Why do we need this research?
Early-onset pre-eclampsia is diagnosed before 34 weeks and tends to be more serious than late-onset pre-eclampsia. It can be dangerous for both mother and baby and is a major cause of stillbirth – there is also a high chance of early-onset pre-eclampsia happening again in future pregnancies. As pre-eclampsia can only be cured completely by delivering the baby and the placenta, it is important to find out why early-onset pre-eclampsia can return in subsequent pregnancies. We could then use this information to develop new treatments that might be able to prevent pre-eclampsia in the future.
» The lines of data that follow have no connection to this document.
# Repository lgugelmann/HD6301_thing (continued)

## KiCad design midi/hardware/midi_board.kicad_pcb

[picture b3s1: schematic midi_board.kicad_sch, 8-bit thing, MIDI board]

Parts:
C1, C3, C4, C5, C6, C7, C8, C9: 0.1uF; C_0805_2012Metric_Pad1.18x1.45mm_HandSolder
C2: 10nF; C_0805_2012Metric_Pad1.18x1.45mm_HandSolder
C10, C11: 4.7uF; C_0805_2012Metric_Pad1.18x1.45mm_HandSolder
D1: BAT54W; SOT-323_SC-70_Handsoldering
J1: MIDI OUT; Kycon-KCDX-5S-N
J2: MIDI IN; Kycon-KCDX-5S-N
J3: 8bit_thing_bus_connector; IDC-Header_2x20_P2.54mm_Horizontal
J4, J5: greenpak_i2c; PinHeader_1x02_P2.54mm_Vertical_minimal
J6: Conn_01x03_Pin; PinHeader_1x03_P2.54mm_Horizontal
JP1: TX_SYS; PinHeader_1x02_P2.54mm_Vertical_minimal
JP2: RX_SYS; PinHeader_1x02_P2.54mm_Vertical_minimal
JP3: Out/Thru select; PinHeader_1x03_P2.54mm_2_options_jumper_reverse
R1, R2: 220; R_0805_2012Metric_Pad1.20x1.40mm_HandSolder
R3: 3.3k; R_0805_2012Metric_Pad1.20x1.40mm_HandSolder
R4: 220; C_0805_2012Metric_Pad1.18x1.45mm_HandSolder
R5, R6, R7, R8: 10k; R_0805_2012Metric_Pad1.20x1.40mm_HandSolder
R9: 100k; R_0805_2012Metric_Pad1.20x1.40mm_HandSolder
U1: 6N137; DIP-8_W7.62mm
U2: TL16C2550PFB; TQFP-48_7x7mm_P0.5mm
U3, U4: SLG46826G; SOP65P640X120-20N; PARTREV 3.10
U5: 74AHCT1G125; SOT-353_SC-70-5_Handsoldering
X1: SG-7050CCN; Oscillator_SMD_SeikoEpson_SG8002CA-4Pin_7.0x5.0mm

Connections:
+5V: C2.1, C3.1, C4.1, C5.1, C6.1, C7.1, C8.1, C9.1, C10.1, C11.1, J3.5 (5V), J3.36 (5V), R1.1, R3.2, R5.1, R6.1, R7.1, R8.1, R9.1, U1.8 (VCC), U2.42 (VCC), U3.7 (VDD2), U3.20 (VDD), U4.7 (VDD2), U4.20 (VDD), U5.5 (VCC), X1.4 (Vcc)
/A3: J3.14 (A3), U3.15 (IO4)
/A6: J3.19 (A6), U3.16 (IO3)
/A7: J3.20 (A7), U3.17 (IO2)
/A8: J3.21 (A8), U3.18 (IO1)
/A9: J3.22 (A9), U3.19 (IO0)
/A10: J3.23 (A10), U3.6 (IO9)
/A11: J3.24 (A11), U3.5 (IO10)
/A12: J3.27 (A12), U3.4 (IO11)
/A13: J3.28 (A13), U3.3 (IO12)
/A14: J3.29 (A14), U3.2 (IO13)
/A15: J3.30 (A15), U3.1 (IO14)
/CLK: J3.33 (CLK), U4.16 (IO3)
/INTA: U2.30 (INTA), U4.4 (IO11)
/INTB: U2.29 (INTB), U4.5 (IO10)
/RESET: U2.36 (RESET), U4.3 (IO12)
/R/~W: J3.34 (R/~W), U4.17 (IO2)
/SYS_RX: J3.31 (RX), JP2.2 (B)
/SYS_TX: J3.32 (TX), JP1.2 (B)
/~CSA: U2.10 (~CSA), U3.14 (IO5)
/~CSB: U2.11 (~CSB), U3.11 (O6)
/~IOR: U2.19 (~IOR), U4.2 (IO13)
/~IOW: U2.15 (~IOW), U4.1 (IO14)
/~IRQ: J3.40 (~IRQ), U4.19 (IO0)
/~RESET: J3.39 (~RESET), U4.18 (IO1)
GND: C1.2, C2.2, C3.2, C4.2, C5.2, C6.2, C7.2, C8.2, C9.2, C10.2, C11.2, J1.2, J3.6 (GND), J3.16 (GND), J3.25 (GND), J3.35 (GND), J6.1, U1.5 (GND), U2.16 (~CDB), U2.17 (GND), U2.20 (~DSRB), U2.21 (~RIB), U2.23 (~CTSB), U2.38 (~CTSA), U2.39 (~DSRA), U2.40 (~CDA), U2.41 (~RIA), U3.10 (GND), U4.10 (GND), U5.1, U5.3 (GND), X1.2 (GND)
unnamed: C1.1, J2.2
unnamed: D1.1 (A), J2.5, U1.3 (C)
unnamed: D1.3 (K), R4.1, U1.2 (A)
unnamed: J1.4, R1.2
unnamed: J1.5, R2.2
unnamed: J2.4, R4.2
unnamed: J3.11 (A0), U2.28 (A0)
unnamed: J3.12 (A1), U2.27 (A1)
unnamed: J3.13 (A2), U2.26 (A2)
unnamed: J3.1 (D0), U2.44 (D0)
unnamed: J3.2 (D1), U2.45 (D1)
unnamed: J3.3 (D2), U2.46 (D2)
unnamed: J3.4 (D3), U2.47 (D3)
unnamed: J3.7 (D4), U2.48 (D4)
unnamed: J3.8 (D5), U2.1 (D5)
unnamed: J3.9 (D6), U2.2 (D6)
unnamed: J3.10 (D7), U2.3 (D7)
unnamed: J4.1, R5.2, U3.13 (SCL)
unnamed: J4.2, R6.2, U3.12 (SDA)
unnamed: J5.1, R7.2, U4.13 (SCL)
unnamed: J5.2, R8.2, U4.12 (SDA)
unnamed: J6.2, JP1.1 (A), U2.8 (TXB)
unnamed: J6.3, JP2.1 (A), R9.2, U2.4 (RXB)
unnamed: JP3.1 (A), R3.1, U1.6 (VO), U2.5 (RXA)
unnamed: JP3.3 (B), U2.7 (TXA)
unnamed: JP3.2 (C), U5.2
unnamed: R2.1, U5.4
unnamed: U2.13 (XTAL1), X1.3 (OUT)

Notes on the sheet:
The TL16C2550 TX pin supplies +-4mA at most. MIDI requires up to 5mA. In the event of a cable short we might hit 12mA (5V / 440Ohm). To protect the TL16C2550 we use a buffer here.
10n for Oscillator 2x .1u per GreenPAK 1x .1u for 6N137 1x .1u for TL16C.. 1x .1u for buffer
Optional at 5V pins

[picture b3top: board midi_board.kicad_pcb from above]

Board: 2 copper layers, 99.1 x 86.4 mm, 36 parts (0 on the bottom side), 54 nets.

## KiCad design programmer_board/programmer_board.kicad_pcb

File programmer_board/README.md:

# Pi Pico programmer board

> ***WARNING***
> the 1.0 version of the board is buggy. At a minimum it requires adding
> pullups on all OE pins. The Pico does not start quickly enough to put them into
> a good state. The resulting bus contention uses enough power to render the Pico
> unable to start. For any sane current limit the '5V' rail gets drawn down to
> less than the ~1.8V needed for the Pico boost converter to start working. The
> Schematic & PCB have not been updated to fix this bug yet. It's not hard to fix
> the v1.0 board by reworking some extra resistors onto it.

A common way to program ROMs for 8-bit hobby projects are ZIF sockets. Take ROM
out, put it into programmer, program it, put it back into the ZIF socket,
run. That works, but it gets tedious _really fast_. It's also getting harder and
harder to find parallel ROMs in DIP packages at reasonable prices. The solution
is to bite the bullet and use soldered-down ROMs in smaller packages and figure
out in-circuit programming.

What’s happening in this project?
We don’t fully understand how pre-eclampsia develops, but we think it may be due to a problem with the placenta. Successful development of the placenta requires the embryo to correctly plant itself in the wall of the womb – a process known as implantation. After ovulation, the lining of the womb matures in preparation for implantation, with cells called ‘stromal cells’ believed to be important in this process. Our researchers think that abnormalities in stromal cells could lead to recurrent pre-eclampsia.
In this project, Tommy’s researchers are looking for differences between stromal cells taken from two groups of non-pregnant women: those who previously had early-onset pre-eclampsia and those considered low risk. In particular, the team are looking at how the stromal cells communicate with the immune cells that move into the lining of the womb during early pregnancy, as immune cells are known to help implantation. So far, they have shown that stromal cells from women with a history of early-onset pre-eclampsia release different proteins, which alter how they communicate with the immune system. They also observed differences in the way that the stromal cells taken from women with a history of early-onset pre-eclampsia grew in a lab, suggesting that the womb lining may not be able to mature effectively in these women.
What difference will this project make?
This project should tell us whether it is possible to detect problems with the lining of the womb before pregnancy occurs. If this is the case, doctors might be able to identify the women and birthing people who have a high chance of developing pre-eclampsia in a subsequent pregnancy. By increasing our understanding of the biological mechanisms that cause pre-eclampsia, we hope that this work will help us to find new treatments that could reduce the chances of women and birthing people experiencing pre-eclampsia time and time again.